NOVA MANIFESTAÇÃO DO MPF DE FLS. 2019/2235, JUNTADA EM 09/12/2015

O Ministério Público Federal, às fls. 2019/2235, junta novos documentos, após a manifestação das partes, alegando, inclusive, que em Governador Valadares será proposta ação semelhantes a esta, pois os níveis de alumínio, manganês, turbidez e cor aparente, responsáveis pelas alterações do aspecto e sabor da água, apresentaram concentrações superiores aos limites estabelecidos na Portaria do Ministério da Saúde nº 2.914/2011.

Em síntese, é o relatório.

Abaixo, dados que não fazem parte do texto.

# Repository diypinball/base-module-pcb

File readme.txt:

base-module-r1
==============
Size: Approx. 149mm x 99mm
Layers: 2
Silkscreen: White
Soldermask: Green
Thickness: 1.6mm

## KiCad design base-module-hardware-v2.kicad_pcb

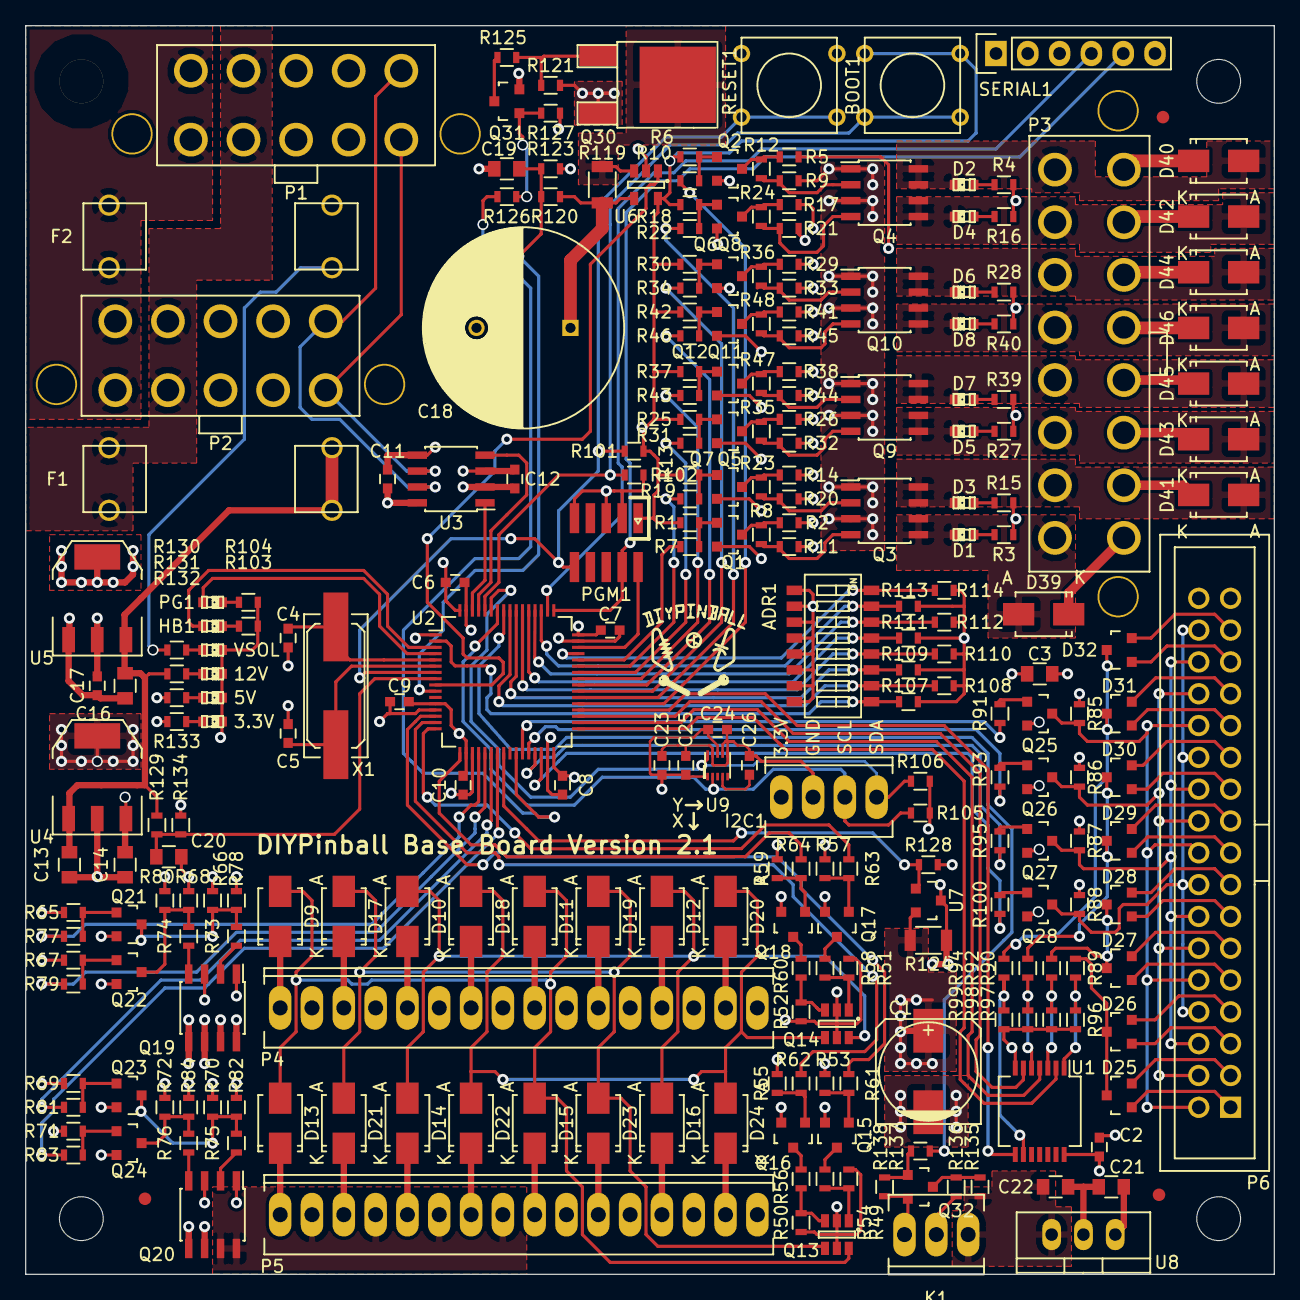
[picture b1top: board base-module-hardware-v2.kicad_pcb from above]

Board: 4 copper layers, 99.7 x 99.7 mm, 263 parts (0 on the bottom side), 197 nets.

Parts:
ADR1: DIPS_08; DIPSWITCH-SMT-08
BOOT1: BUTTON; SW_PUSH_SMALL
C1: 47u; c_elec_8x10
C2, C9, C10, C11, C12, C23, C24, C26: 100n; C_0603
C3, C13, C14, C16, C19, C20, C21, C22: 10u; C_0805
C4, C5: 18p; C_0603
C6, C7, C8: 10n; C_0603
C17: 4.7u; C_0603
C18: 470u; C_Radial_D16_L25_P7.5
C25: 1u; C_0603
D1, D2, D3, D4, D5, D6, D7, D8, D35, D36, D37, D38: LED; LED-0603
D9, D10, D11, D12, D13, D14, D15, D16, D17, D18, D19, D20, D21, D22, D23, D24, D39, D40, D41, D42, D43, D44, D45, D46: S1M; SMA_Standard
D25, D26, D27, D28, D29, D30, D31, D32: BAT54C; SOT-23
F1, F2: FUSE; FC203-20MM
FIDUCIAL: VAL**; FIDUCIAL
FIDUCIAL#2, FIDUCIAL#3: VAL**; FIDUCIAL
HB1: LED; LED-0603
I2C1: CONN_4; Socket_MOLEX-KK-RM2-54mm_Lock_4pin_straight
K1: CONN_3; Socket_MOLEX-KK-RM2-54mm_Lock_3pin_straight
P1, P2: PINBALL-CONNECTOR; PINBALL-CONNECTOR-V
P3: SOLENOID-CONNECTOR; SOLENOID-CONNECTOR-V
P4, P5: CONN_16; Socket_MOLEX-KK-RM2-54mm_Lock_16pin_straight
P6: HE10-34; BOXHEADER-0.100-34
PG1: LED; LED-0603
PGM1: ARM-SWD-HEADER; pin_array_5x2_50mil_smd
Q1, Q2, Q5, Q6, Q7, Q8, Q11, Q12, Q15, Q16, Q17, Q18, Q21, Q22, Q23, Q24, Q25, Q26, Q27, Q28, Q31: BC846; SOT-23
Q3, Q4, Q9, Q10, Q19, Q20: DMN6040SSD; SOIC-8_3.9x4.9mm_Pitch1.27mm
Q13, Q14: DMP2240UDM; SOT-23-6
Q30: FDD5614P; DPAK-2
Q32: BSS138; SOT-23
R1, R6, R8, R9, R13, R18, R20, R21, R25, R30, R32, R33, R37, R42, R44, R45, R49, R50, R51, R52, R53, R55, R57, R59, R65, R67, R69, R71, R78, R80, R82, R84, R85, R86, R87, R88, R89, R90, R92, R94, R96, R97, R98, R99, R101, R102, R107, R108, R109, R110, R111, R112, R113, R114, R121, R127, R138: 10K; R_0603
R2, R5, R7, R10, R14, R17, R19, R22, R26, R29, R31, R34, R38, R41, R43, R46, R54, R56, R58, R60, R61, R62, R63, R64, R66, R68, R70, R72, R77, R79, R81, R83, R91, R93, R95, R100, R103, R104, R126, R132, R133, R135: 1K; R_0603
R3, R4, R15, R16, R27, R28, R39, R40, R131: 2.7K; R_0603
R11, R12, R23, R24, R35, R36, R47, R48, R73, R74, R75, R76, R136, R137: 22; R_0603
R105, R106: 4.7K; R_0603
R119: .003; R_1206
R120: 95.3K 1%; R_0603
R123, R128, R134: 5.1K 1%; R_0603
R124: 0.075; R_1206
R125, R130: 27K; R_0603
R129: 20.5K 1%; R_0603
RESET1: BUTTON; SW_PUSH_SMALL
SERIAL1: FTDI_SERIAL; Socket_Strip_Straight_1x06
U1: 74LVC14; SSOP-14_5.3x6.2mm_Pitch0.65mm
U2: STM32F072R; LQFP-64_10x10mm_Pitch0.5mm
U3: MCP2562; SOIC-8_3.9x4.9mm_Pitch1.27mm
U4: MC78L05; SOT-223
U5: AP1117IE33G; SOT-223
U6: ZXCT1086E5TA; SOT-23-5
U7: ZXCT1107SA-7; SOT-23
U8: LM7805CT; TO-220_Neutral123_Vertical
U9: MMA8653FC; DFN-10
X1: 8.000 MHz; Q_49U3HMS

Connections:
+3.3V: ADR1.1, ADR1.2, ADR1.3, ADR1.4, ADR1.5, ADR1.6, ADR1.7, ADR1.8, BOOT1.2, C2.1, C6.1, C7.1, C8.1, C9.1, C10.1, C11.1, C17.1, C23.1, C24.1, C25.1, I2C1.1, PGM1.1, R1.1, R6.1, R13.1, R18.1, R25.1, R30.1, R37.1, R42.1, R65.1, R67.1, R69.1, R71.1, R101.1, R105.1, R106.1, R133.1, U1.14, U2.1, U2.13, U2.19, U2.32, U2.48, U2.64, U3.5, U5.2, U5.4, U6.5, U9.1, U9.8
+5V: C12.1, C14.1, R132.1, U3.3, U4.3
+12V: C3.1, C13.1, C16.1, C21.1, F1.2, P6.34, R2.1, R3.1, R4.1, R5.1, R14.1, R15.1, R16.1, R17.1, R26.1, R27.1, R28.1, R29.1, R38.1, R39.1, R40.1, R41.1, R85.1, R86.1, R87.1, R88.1, R124.2, R129.2, R131.1, U4.1, U5.3, U7.3, U8.1
/Accelerometer/SCL: I2C1.3, R105.2, U2.58, U9.2
/Accelerometer/SDA: I2C1.4, R106.2, U2.59, U9.10
/Control Logic/12V_SENSE: C20.1, R129.1, R134.1, U2.8
/Control Logic/ADDRESS0: ADR1.16, R114.1, U2.45
/Control Logic/ADDRESS1: ADR1.15, R113.1, U2.51
/Control Logic/ADDRESS2: ADR1.14, R112.1, U2.52
/Control Logic/ADDRESS3: ADR1.13, R111.1, U2.53
/Control Logic/ADDRESS4: ADR1.12, R110.1, U2.54
/Control Logic/ADDRESS5: ADR1.11, R109.1, U2.55
/Control Logic/ADDRESS6: ADR1.10, R108.1, U2.56
/Control Logic/ADDRESS7: ADR1.9, R107.1, U2.2
/Control Logic/BOOTLOADER: BOOT1.1, R102.1, U2.60
/Control Logic/CANH: P1.5, P2.5, U3.7
/Control Logic/CANL: P1.10, P2.10, U3.6
/Control Logic/CANRX: U2.61, U3.4
/Control Logic/CANTX: U2.62, U3.1
/Control Logic/HEARTBEAT: HB1.2, U2.3
/Control Logic/LAMP_COL0: R77.1, U2.20
/Control Logic/LAMP_COL1: R79.1, U2.21
/Control Logic/LAMP_COL2: R81.1, U2.22
/Control Logic/LAMP_COL3: R83.1, U2.23
/Control Logic/LAMP_ROW0: R61.1, U2.14
/Control Logic/LAMP_ROW1: R62.1, U2.15
/Control Logic/LAMP_ROW2: R63.1, U2.16
/Control Logic/LAMP_ROW3: R64.1, U2.17
/Control Logic/POWER_GOOD: PG1.2, U2.4
/Control Logic/RXD: SERIAL1.4, U2.50
/Control Logic/SOLENOID0: R7.1, U2.44
/Control Logic/SOLENOID1: R19.1, U2.43
/Control Logic/SOLENOID2: R31.1, U2.42
/Control Logic/SOLENOID3: R43.1, U2.41
/Control Logic/SOLENOID4: R46.1, U2.40
/Control Logic/SOLENOID5: R34.1, U2.39
/Control Logic/SOLENOID6: R22.1, U2.38
/Control Logic/SOLENOID7: R10.1, U2.37
/Control Logic/SWCLK: PGM1.4, SERIAL1.5, U2.49
/Control Logic/SWDIO: PGM1.2, U2.46
/Control Logic/VSOL_PRECHARGE_PWM: R126.2, U2.26
/Control Logic/VSOL_SENSE: C19.1, R120.2, R123.1, U2.10
/Control Logic/~RESET: PGM1.10, R101.2, RESET1.2, U2.7
/Lamp Driver/LAMP_12V: C1.1, Q13.2, Q13.5, Q14.2, Q14.5, R49.1, R50.1, R51.1, R52.1, R66.1, R68.1, R70.1, R72.1, R124.1, U7.2
/Power Supply/12V_IN: F1.1, P1.2, P1.7, P2.2, P2.7
/Power Supply/ILAMP_SENSE_OUT: R128.1, U2.24, U7.1
/Power Supply/ISOL_SENSE_OUT: U2.9, U6.1
/Power Supply/VSOL_IN: F2.1, P1.1, P1.6, P2.1, P2.6
/RGB LED Output/RGB_DATA: R137.2, U2.57
/Solenoid Driver/SOL_PWR: C18.1, D39.1, D40.1, D41.1, D42.1, D43.1, D44.1, D45.1, D46.1, P3.9, P3.10, P3.11, P3.12, P3.13, P3.14, P3.15, P3.16, R119.1, R120.1, U6.4
/Switch Matrix/COL0: R91.2, U2.27
/Switch Matrix/COL0_SWITCHED: P6.2, P6.10, P6.18, P6.26, Q25.3, R85.2
/Switch Matrix/COL1: R93.2, U2.28
/Switch Matrix/COL1_SWITCHED: P6.4, P6.12, P6.20, P6.28, Q26.3, R86.2
/Switch Matrix/COL2: R95.2, U2.29
/Switch Matrix/COL2_SWITCHED: P6.6, P6.14, P6.22, P6.30, Q27.3, R87.2
/Switch Matrix/COL3: R100.2, U2.30
/Switch Matrix/COL3_SWITCHED: P6.8, P6.16, P6.24, P6.32, Q28.3, R88.2
/Switch Matrix/ROW0: U1.2, U2.33
/Switch Matrix/ROW0_SWITCHED: D25.3, D26.3, R89.2
/Switch Matrix/ROW1: U1.4, U2.34
/Switch Matrix/ROW1_SWITCHED: D27.3, D28.3, R90.2
/Switch Matrix/ROW2: U1.6, U2.35
/Switch Matrix/ROW2_SWITCHED: D29.3, D30.3, R92.2
/Switch Matrix/ROW3: U1.8, U2.36
/Switch Matrix/ROW3_SWITCHED: D31.3, D32.3, R94.2
GND: C1.2, C2.2, C3.2, C4.2, C5.2, C6.2, C7.2, C8.2, C9.2, C10.2, C11.2, C12.2, C13.2, C14.2, C16.2, C17.2, C18.2, C19.2, C20.2, C21.2, C22.2, C23.2, C24.2, C25.2, C26.2, D35.1, D36.1, D37.1, D38.1, I2C1.2, K1.3, P1.3, P1.4, P1.8, P1.9, P2.3, P2.4, P2.8, P2.9, P6.33, PGM1.3, PGM1.5, PGM1.9, Q1.2, Q2.2, Q3.1, Q3.3, Q4.1, Q4.3, Q5.2, Q6.2, Q7.2, Q8.2, Q9.1, Q9.3, Q10.1, Q10.3, Q11.2, Q12.2, Q15.2, Q16.2, Q17.2, Q18.2, Q19.1, Q19.3, Q20.1, Q20.3, Q21.2, Q22.2, Q23.2, Q24.2, Q25.2, Q26.2, Q27.2, Q28.2, Q31.2, Q32.2, R8.1, R9.1, R20.1, R21.1, R32.1, R33.1, R44.1, R45.1, R53.1, R55.1, R57.1, R59.1, R78.2, R80.2, R82.2, R84.2, R96.2, R97.2, R98.2, R99.2, R102.2, R103.2, R104.2, R107.2, R108.2, R109.2, R110.2, R111.2, R112.2, R113.2, R114.2, R123.2, R127.2, R128.2, R134.2, R138.2, RESET1.1, SERIAL1.1, U1.7, U2.12, U2.18, U2.31, U2.47, U2.63, U3.2, U3.8, U4.2, U4.4, U5.1, U6.2, U8.2, U9.6, U9.7, U9.9
unnamed: C4.1, U2.5, X1.1
unnamed: C5.1, U2.6, X1.2
unnamed: C22.1, K1.1, R135.1, U8.3
unnamed: C26.1, U9.4
unnamed: D1.1, D39.2, P3.1, Q3.5, Q3.6
unnamed: D1.2, R3.2
unnamed: D2.1, D40.2, P3.8, Q4.7, Q4.8
unnamed: D2.2, R4.2
unnamed: D3.1, D41.2, P3.2, Q3.7, Q3.8
unnamed: D3.2, R15.2
unnamed: D4.1, D42.2, P3.7, Q4.5, Q4.6
unnamed: D4.2, R16.2
unnamed: D5.2, R27.2
unnamed: D6.2, R28.2
unnamed: D7.2, R39.2
unnamed: D8.2, R40.2
unnamed: D9.1, P4.1
unnamed: D10.1, P4.5
unnamed: D10.2, D12.2, D14.2, D16.2, Q14.6
unnamed: D11.1, P4.9
unnamed: D9.2, D11.2, D13.2, D15.2, Q13.6
unnamed: D12.1, P4.13
unnamed: D13.1, P5.1
unnamed: D14.1, P5.5
unnamed: D15.1, P5.9
unnamed: D16.1, P5.13
unnamed: D17.1, P4.3
unnamed: D17.2, D19.2, D21.2, D23.2, Q13.4
unnamed: D18.1, P4.7
unnamed: D18.2, D20.2, D22.2, D24.2, Q14.4
unnamed: D19.1, P4.11
unnamed: D20.1, P4.15
unnamed: D21.1, P5.3
unnamed: D22.1, P5.7
unnamed: D23.1, P5.11
unnamed: D24.1, P5.15
unnamed: D25.1, P6.1
unnamed: D25.2, P6.3
unnamed: D26.1, P6.5
unnamed: D26.2, P6.7
unnamed: D27.1, P6.9
unnamed: D27.2, P6.11
unnamed: D28.1, P6.13
unnamed: D28.2, P6.15
unnamed: D29.1, P6.17
unnamed: D29.2, P6.19
unnamed: D30.1, P6.21
unnamed: D30.2, P6.23
unnamed: D31.1, P6.25
unnamed: D31.2, P6.27
unnamed: D32.1, P6.29
unnamed: D32.2, P6.31
unnamed: D35.2, R130.2
unnamed: D36.2, R131.2
unnamed: D37.2, R132.2
unnamed: D38.2, R133.2
unnamed: D5.1, D43.2, P3.3, Q9.5, Q9.6
unnamed: D6.1, D44.2, P3.6, Q10.7, Q10.8
unnamed: D7.1, D45.2, P3.4, Q9.7, Q9.8
unnamed: D8.1, D46.2, P3.5, Q10.5, Q10.6
unnamed: HB1.1, R103.1
unnamed: K1.2, R136.1
unnamed: P4.2, P4.4, P4.6, P4.8, Q19.7, Q19.8
unnamed: P4.10, P4.12, P4.14, P4.16, Q19.5, Q19.6
unnamed: P5.2, P5.4, P5.6, P5.8, Q20.7, Q20.8
unnamed: P5.10, P5.12, P5.14, P5.16, Q20.5, Q20.6
unnamed: PG1.1, R104.1
unnamed: Q1.1, R1.2, R7.2
unnamed: Q1.3, R2.2, R11.2
unnamed: Q2.1, R6.2, R10.2
unnamed: Q2.3, R5.2, R12.1
unnamed: Q3.2, R20.2, R23.1
unnamed: Q3.4, R8.2, R11.1
unnamed: Q4.2, R9.2, R12.2
unnamed: Q4.4, R21.2, R24.2
unnamed: Q5.1, R13.2, R19.2
unnamed: Q5.3, R14.2, R23.2
unnamed: Q6.1, R18.2, R22.2
unnamed: Q6.3, R17.2, R24.1
unnamed: Q7.1, R25.2, R31.2
unnamed: Q7.3, R26.2, R35.2
unnamed: Q8.1, R30.2, R34.2
unnamed: Q8.3, R29.2, R36.1
unnamed: Q9.2, R44.2, R47.1
unnamed: Q9.4, R32.2, R35.1
unnamed: Q10.2, R33.2, R36.2
unnamed: Q10.4, R45.2, R48.2
unnamed: Q11.1, R37.2, R43.2
unnamed: Q11.3, R38.2, R47.2
unnamed: Q12.1, R42.2, R46.2
unnamed: Q12.3, R41.2, R48.1
unnamed: Q13.1, R49.2, R54.1
unnamed: Q13.3, R50.2, R56.1
unnamed: Q14.1, R51.2, R58.1
unnamed: Q14.3, R52.2, R60.1
unnamed: Q15.1, R53.2, R61.2
unnamed: Q15.3, R54.2
unnamed: Q16.1, R55.2, R62.2
unnamed: Q16.3, R56.2
unnamed: Q17.1, R57.2, R63.2
unnamed: Q17.3, R58.2
unnamed: Q18.1, R59.2, R64.2
unnamed: Q18.3, R60.2
unnamed: Q19.2, R73.1
unnamed: Q19.4, R74.2
unnamed: Q20.2, R75.2
unnamed: Q20.4, R76.2
unnamed: Q21.1, R65.2, R77.2
unnamed: Q21.3, R66.2, R73.2, R78.1
unnamed: Q22.1, R67.2, R79.2
unnamed: Q22.3, R68.2, R74.1, R80.1
unnamed: Q23.1, R69.2, R81.2
unnamed: Q23.3, R70.2, R75.1, R82.1
unnamed: Q24.1, R71.2, R83.2
unnamed: Q24.3, R72.2, R76.1, R84.1
unnamed: Q25.1, R91.1
unnamed: Q26.1, R93.1
unnamed: Q27.1, R95.1
unnamed: Q28.1, R100.1
unnamed: Q30.D, R119.2, U6.3
unnamed: Q30.G, R121.2, R125.1
unnamed: Q31.1, R126.1, R127.1
unnamed: Q31.3, R125.2
unnamed: Q32.1, R137.1, R138.1
unnamed: Q32.3, R135.2, R136.2
unnamed: R89.1, R96.1, U1.1
unnamed: R90.1, R97.1, U1.3
unnamed: R92.1, R98.1, U1.5
unnamed: R94.1, R99.1, U1.9
VEE: F2.2, Q30.S, R121.1, R130.1

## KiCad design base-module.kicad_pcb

DECIDO.

II- DA ANTECIPAÇÃO DE TUTELA DE URGÊNCIA- art.273, I do CPC/73 (TUTELA PROVISÓRIA DE URGÊNCIA – art.300 do CPC/15)

A análise da antecipação da tutela pressupõe o conhecimento prévio de institutos no qual a antecipação se insere no ordenamento jurídico.  Neste contexto, a antecipação da tutela é espécie de tutela jurisdicional diferenciada.

A doutrina de forma geral tem entendido que a expressão “tutelas jurisdicionais diferenciadas” são aquelas que visam alcançar a efetividade do processo de forma mais completa possível.

Assim, tutelas jurisdicionais diferenciadas se contrapõem ao procedimento ordinário e se fundam nos valores urgência e evidência do direito, possibilitando a efetividade da tutela jurisdicional.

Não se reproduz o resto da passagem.